Bridging Ears and Eyes: Analyzing Audio and Visual Large Language Models to Humans in Visible Sound Recognition and Reducing Their Sensory Gap via Cross-Modal Distillation
Xilin Jiang, Junkai Wu, Vishal Choudhari, Nima Mesgarani

TL;DR
This paper evaluates audio, visual, and multimodal large language models against humans in sound recognition tasks, revealing sensory gaps and proposing cross-modal distillation to improve modality-specific perception.
Contribution
It systematically compares LLMs across modalities and introduces a cross-modal distillation framework to reduce sensory gaps, aligning models more closely with human perception.
Findings
Performance gap between audio and visual LLMs parallels human sensory discrepancy.
Cross-modal distillation improves sound recognition, especially in challenging classes.
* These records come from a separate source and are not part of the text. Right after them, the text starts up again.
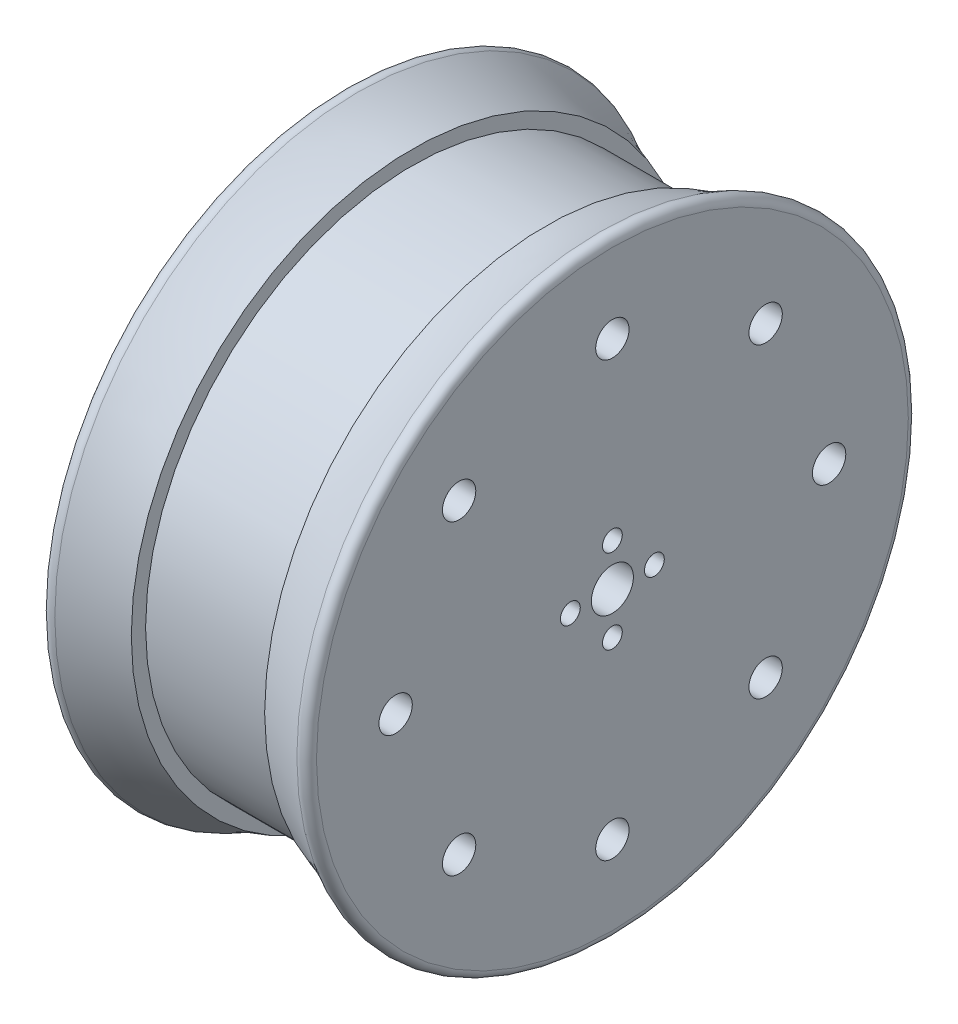
ISO-10303-21;
HEADER;
FILE_DESCRIPTION(('STEP AP214'),'2;1');
FILE_NAME('part.step','',(''),(''),'','','');
FILE_SCHEMA(('AUTOMOTIVE_DESIGN { 1 0 10303 214 1 1 1 1 }'));
ENDSEC;
DATA;
#1=APPLICATION_CONTEXT('core data for automotive mechanical design processes');
#2=APPLICATION_PROTOCOL_DEFINITION('international standard','automotive_design',2000,#1);
#3=PRODUCT_CONTEXT('',#1,'mechanical');
#4=PRODUCT('Part','Part','',(#3));
#5=PRODUCT_RELATED_PRODUCT_CATEGORY('part','',(#4));
#6=PRODUCT_DEFINITION_FORMATION('','',#4);
#7=PRODUCT_DEFINITION_CONTEXT('part definition',#1,'design');
#8=PRODUCT_DEFINITION('design','',#6,#7);
#9=PRODUCT_DEFINITION_SHAPE('','',#8);
#10=(LENGTH_UNIT() NAMED_UNIT(*) SI_UNIT(.MILLI.,.METRE.));
#11=(NAMED_UNIT(*) PLANE_ANGLE_UNIT() SI_UNIT($,.RADIAN.));
#12=(NAMED_UNIT(*) SI_UNIT($,.STERADIAN.) SOLID_ANGLE_UNIT());
#13=UNCERTAINTY_MEASURE_WITH_UNIT(LENGTH_MEASURE(1.E-05),#10,'distance_accuracy_value','');
#14=(GEOMETRIC_REPRESENTATION_CONTEXT(3) GLOBAL_UNCERTAINTY_ASSIGNED_CONTEXT((#13)) GLOBAL_UNIT_ASSIGNED_CONTEXT((#10,
#11,#12)) REPRESENTATION_CONTEXT('',''));
#15=CARTESIAN_POINT('',(0.,0.,0.));
#16=DIRECTION('',(0.,0.,1.));
#17=DIRECTION('',(1.,0.,0.));
#18=AXIS2_PLACEMENT_3D('',#15,#16,#17);
#19=CARTESIAN_POINT('',(25.4,0.,0.));
#20=DIRECTION('',(1.,0.,0.));
#21=DIRECTION('',(0.,0.,-1.));
#22=AXIS2_PLACEMENT_3D('',#19,#20,#21);
#23=PLANE('',#22);
#24=CARTESIAN_POINT('',(25.4,29.1858323934735,29.1858323934742));
#25=DIRECTION('',(1.,0.,0.));
#26=DIRECTION('',(0.,0.,-1.));
#27=AXIS2_PLACEMENT_3D('',#24,#25,#26);
#28=CIRCLE('',#27,3.17500000000134);
#29=CARTESIAN_POINT('',(25.4,29.1858323934735,26.0108323934729));
#30=VERTEX_POINT('',#29);
#31=EDGE_CURVE('E136',#30,#30,#28,.T.);
#32=ORIENTED_EDGE('',*,*,#31,.F.);
#33=EDGE_LOOP('',(#32));
#34=FACE_BOUND('',#33,.T.);
#35=CARTESIAN_POINT('',(25.4,-1.75965908510989E-12,41.2749999999982));
#36=DIRECTION('',(1.,0.,0.));
#37=DIRECTION('',(0.,0.,-1.));
#38=AXIS2_PLACEMENT_3D('',#35,#36,#37);
#39=CIRCLE('',#38,3.1750000000026);
#40=CARTESIAN_POINT('',(25.4,-1.75965908510989E-12,38.0999999999956));
#41=VERTEX_POINT('',#40);
#42=EDGE_CURVE('E130',#41,#41,#39,.T.);
#43=ORIENTED_EDGE('',*,*,#42,.F.);
#44=EDGE_LOOP('',(#43));
#45=FACE_BOUND('',#44,.T.);
#46=CARTESIAN_POINT('',(25.4,-29.185832393476,29.1858323934718));
#47=DIRECTION('',(1.,0.,0.));
#48=DIRECTION('',(0.,0.,-1.));
#49=AXIS2_PLACEMENT_3D('',#46,#47,#48);
#50=CIRCLE('',#49,3.17500000000357);
#51=CARTESIAN_POINT('',(25.4,-29.185832393476,26.0108323934682));
#52=VERTEX_POINT('',#51);
#53=EDGE_CURVE('E124',#52,#52,#50,.T.);
#54=ORIENTED_EDGE('',*,*,#53,.F.);
#55=EDGE_LOOP('',(#54));
#56=FACE_BOUND('',#55,.T.);
#57=CARTESIAN_POINT('',(25.4,-41.275,-3.50920871089281E-12));
#58=DIRECTION('',(1.,0.,0.));
#59=DIRECTION('',(0.,0.,-1.));
#60=AXIS2_PLACEMENT_3D('',#57,#58,#59);
#61=CIRCLE('',#60,3.17500000000363);
#62=CARTESIAN_POINT('',(25.4,-41.275,-3.17500000000714));
#63=VERTEX_POINT('',#62);
#64=EDGE_CURVE('E118',#63,#63,#61,.T.);
#65=ORIENTED_EDGE('',*,*,#64,.F.);
#66=EDGE_LOOP('',(#65));
#67=FACE_BOUND('',#66,.T.);
#68=CARTESIAN_POINT('',(25.4,-29.1858323934735,-29.1858323934777));
#69=DIRECTION('',(1.,0.,0.));
#70=DIRECTION('',(0.,0.,-1.));
#71=AXIS2_PLACEMENT_3D('',#68,#69,#70);
#72=CIRCLE('',#71,3.17500000000271);
#73=CARTESIAN_POINT('',(25.4,-29.1858323934735,-32.3608323934805));
#74=VERTEX_POINT('',#73);
#75=EDGE_CURVE('E112',#74,#74,#72,.T.);
#76=ORIENTED_EDGE('',*,*,#75,.F.);
#77=EDGE_LOOP('',(#76));
#78=FACE_BOUND('',#77,.T.);
#79=CARTESIAN_POINT('',(25.4,1.75460435544641E-12,-41.2750000000018));
#80=DIRECTION('',(1.,0.,0.));
#81=DIRECTION('',(0.,0.,-1.));
#82=AXIS2_PLACEMENT_3D('',#79,#80,#81);
#83=CIRCLE('',#82,3.1750000000013);
#84=CARTESIAN_POINT('',(25.4,1.75460435544641E-12,-44.4500000000031));
#85=VERTEX_POINT('',#84);
#86=EDGE_CURVE('E106',#85,#85,#83,.T.);
#87=ORIENTED_EDGE('',*,*,#86,.F.);
#88=EDGE_LOOP('',(#87));
#89=FACE_BOUND('',#88,.T.);
#90=CARTESIAN_POINT('',(25.4,29.185832393476,-29.1858323934753));
#91=DIRECTION('',(1.,0.,0.));
#92=DIRECTION('',(0.,0.,-1.));
#93=AXIS2_PLACEMENT_3D('',#90,#91,#92);
#94=CIRCLE('',#93,3.17500000000019);
#95=CARTESIAN_POINT('',(25.4,29.185832393476,-32.3608323934755));
#96=VERTEX_POINT('',#95);
#97=EDGE_CURVE('E100',#96,#96,#94,.T.);
#98=ORIENTED_EDGE('',*,*,#97,.F.);
#99=EDGE_LOOP('',(#98));
#100=FACE_BOUND('',#99,.T.);
#101=CARTESIAN_POINT('',(25.4,41.275,0.));
#102=DIRECTION('',(1.,0.,0.));
#103=DIRECTION('',(0.,0.,-1.));
#104=AXIS2_PLACEMENT_3D('',#101,#102,#103);
#105=CIRCLE('',#104,3.175);
#106=CARTESIAN_POINT('',(25.4,41.275,-3.175));
#107=VERTEX_POINT('',#106);
#108=EDGE_CURVE('E94',#107,#107,#105,.T.);
#109=ORIENTED_EDGE('',*,*,#108,.F.);
#110=EDGE_LOOP('',(#109));
#111=FACE_BOUND('',#110,.T.);
#112=CARTESIAN_POINT('',(25.4,0.,0.));
#113=DIRECTION('',(1.,0.,0.));
#114=DIRECTION('',(0.,0.,-1.));
#115=AXIS2_PLACEMENT_3D('',#112,#113,#114);
#116=CIRCLE('',#115,56.3572046071545);
#117=CARTESIAN_POINT('',(25.4,0.,-56.3572046071545));
#118=VERTEX_POINT('',#117);
#119=EDGE_CURVE('E42',#118,#118,#116,.T.);
#120=ORIENTED_EDGE('',*,*,#119,.T.);
#121=EDGE_LOOP('',(#120));
#122=FACE_BOUND('',#121,.T.);
#123=CARTESIAN_POINT('',(25.4,-4.57011557697138E-13,7.99999999999954));
#124=DIRECTION('',(1.,0.,0.));
#125=DIRECTION('',(0.,0.,-1.));
#126=AXIS2_PLACEMENT_3D('',#123,#124,#125);
#127=CIRCLE('',#126,1.88500000000098);
#128=CARTESIAN_POINT('',(25.4,-4.57011557697138E-13,6.11499999999856));
#129=VERTEX_POINT('',#128);
#130=EDGE_CURVE('E88',#129,#129,#127,.T.);
#131=ORIENTED_EDGE('',*,*,#130,.F.);
#132=EDGE_LOOP('',(#131));
#133=FACE_BOUND('',#132,.T.);
#134=CARTESIAN_POINT('',(25.4,-8.,-9.12063680515641E-13));
#135=DIRECTION('',(1.,0.,0.));
#136=DIRECTION('',(0.,0.,-1.));
#137=AXIS2_PLACEMENT_3D('',#134,#135,#136);
#138=CIRCLE('',#137,1.88500000000098);
#139=CARTESIAN_POINT('',(25.4,-8.,-1.88500000000189));
#140=VERTEX_POINT('',#139);
#141=EDGE_CURVE('E82',#140,#140,#138,.T.);
#142=ORIENTED_EDGE('',*,*,#141,.F.);
#143=EDGE_LOOP('',(#142));
#144=FACE_BOUND('',#143,.T.);
#145=CARTESIAN_POINT('',(25.4,4.56031840257821E-13,-8.00000000000045));
#146=DIRECTION('',(1.,0.,0.));
#147=DIRECTION('',(0.,0.,-1.));
#148=AXIS2_PLACEMENT_3D('',#145,#146,#147);
#149=CIRCLE('',#148,1.88500000000098);
#150=CARTESIAN_POINT('',(25.4,4.56031840257821E-13,-9.88500000000144));
#151=VERTEX_POINT('',#150);
#152=EDGE_CURVE('E76',#151,#151,#149,.T.);
#153=ORIENTED_EDGE('',*,*,#152,.F.);
#154=EDGE_LOOP('',(#153));
#155=FACE_BOUND('',#154,.T.);
#156=CARTESIAN_POINT('',(25.4,8.,0.));
#157=DIRECTION('',(1.,0.,0.));
#158=DIRECTION('',(0.,0.,-1.));
#159=AXIS2_PLACEMENT_3D('',#156,#157,#158);
#160=CIRCLE('',#159,1.88500000000098);
#161=CARTESIAN_POINT('',(25.4,8.,-1.88500000000098));
#162=VERTEX_POINT('',#161);
#163=EDGE_CURVE('E70',#162,#162,#160,.T.);
#164=ORIENTED_EDGE('',*,*,#163,.F.);
#165=EDGE_LOOP('',(#164));
#166=FACE_BOUND('',#165,.T.);
#167=CARTESIAN_POINT('',(25.4,0.,0.));
#168=DIRECTION('',(1.,0.,0.));
#169=DIRECTION('',(0.,0.,-1.));
#170=AXIS2_PLACEMENT_3D('',#167,#168,#169);
#171=CIRCLE('',#170,4.);
#172=CARTESIAN_POINT('',(25.4,0.,-4.));
#173=VERTEX_POINT('',#172);
#174=EDGE_CURVE('E64',#173,#173,#171,.T.);
#175=ORIENTED_EDGE('',*,*,#174,.F.);
#176=EDGE_LOOP('',(#175));
#177=FACE_BOUND('',#176,.T.);
#178=ADVANCED_FACE('F31',(#34,#45,#56,#67,#78,#89,#100,#111,#122,#133,#144,#155,#166,#177),#23,.T.);
#179=CARTESIAN_POINT('',(0.,0.,0.));
#180=DIRECTION('',(-1.,0.,0.));
#181=DIRECTION('',(0.,0.,1.));
#182=AXIS2_PLACEMENT_3D('',#179,#180,#181);
#183=TOROIDAL_SURFACE('',#182,99.425,47.625);
#184=CARTESIAN_POINT('',(23.0443548387097,0.,0.));
#185=DIRECTION('',(-1.,0.,0.));
#186=DIRECTION('',(0.,0.,1.));
#187=AXIS2_PLACEMENT_3D('',#184,#185,#186);
#188=CIRCLE('',#187,57.7464883295044);
#189=CARTESIAN_POINT('',(23.0443548387097,0.,57.7464883295044));
#190=VERTEX_POINT('',#189);
#191=EDGE_CURVE('E46',#190,#190,#188,.T.);
#192=ORIENTED_EDGE('',*,*,#191,.T.);
#193=EDGE_LOOP('',(#192));
#194=FACE_BOUND('',#193,.T.);
#195=CARTESIAN_POINT('',(12.7,0.,0.));
#196=DIRECTION('',(-1.,0.,0.));
#197=DIRECTION('',(0.,0.,1.));
#198=AXIS2_PLACEMENT_3D('',#195,#196,#197);
#199=CIRCLE('',#198,53.5245574640069);
#200=CARTESIAN_POINT('',(12.7,0.,53.5245574640069));
#201=VERTEX_POINT('',#200);
#202=EDGE_CURVE('E51',#201,#201,#199,.T.);
#203=ORIENTED_EDGE('',*,*,#202,.F.);
#204=EDGE_LOOP('',(#203));
#205=FACE_BOUND('',#204,.T.);
#206=ADVANCED_FACE('F154',(#194,#205),#183,.F.);
#207=CARTESIAN_POINT('',(12.7,-50.8,0.));
#208=DIRECTION('',(-1.,0.,0.));
#209=DIRECTION('',(0.,0.,1.));
#210=AXIS2_PLACEMENT_3D('',#207,#208,#209);
#211=PLANE('',#210);
#212=ORIENTED_EDGE('',*,*,#202,.T.);
#213=EDGE_LOOP('',(#212));
#214=FACE_BOUND('',#213,.T.);
#215=CARTESIAN_POINT('',(12.7,0.,0.));
#216=DIRECTION('',(-1.,0.,0.));
#217=DIRECTION('',(0.,0.,1.));
#218=AXIS2_PLACEMENT_3D('',#215,#216,#217);
#219=CIRCLE('',#218,50.8);
#220=CARTESIAN_POINT('',(12.7,0.,50.8));
#221=VERTEX_POINT('',#220);
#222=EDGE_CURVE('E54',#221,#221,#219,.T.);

Method enhances modality-specific perception in multimodal LLMs.
Abstract
Audio large language models (LLMs) are considered experts at recognizing sound objects, yet their performance relative to LLMs in other sensory modalities, such as visual or audio-visual LLMs, and to humans using their ears, eyes, or both remains unexplored. To investigate this, we systematically evaluate audio, visual, and audio-visual LLMs, specifically Qwen2-Audio, Qwen2-VL, and Qwen2.5-Omni, against humans in recognizing sound objects of different classes from audio-only, silent video, or sounded video inputs. We uncover a performance gap between Qwen2-Audio and Qwen2-VL that parallels the sensory discrepancy between human ears and eyes. To reduce this gap, we introduce a cross-modal distillation framework, where an LLM in one modality serves as the teacher and another as the student, with knowledge transfer in sound classes predicted as more challenging to the student by a…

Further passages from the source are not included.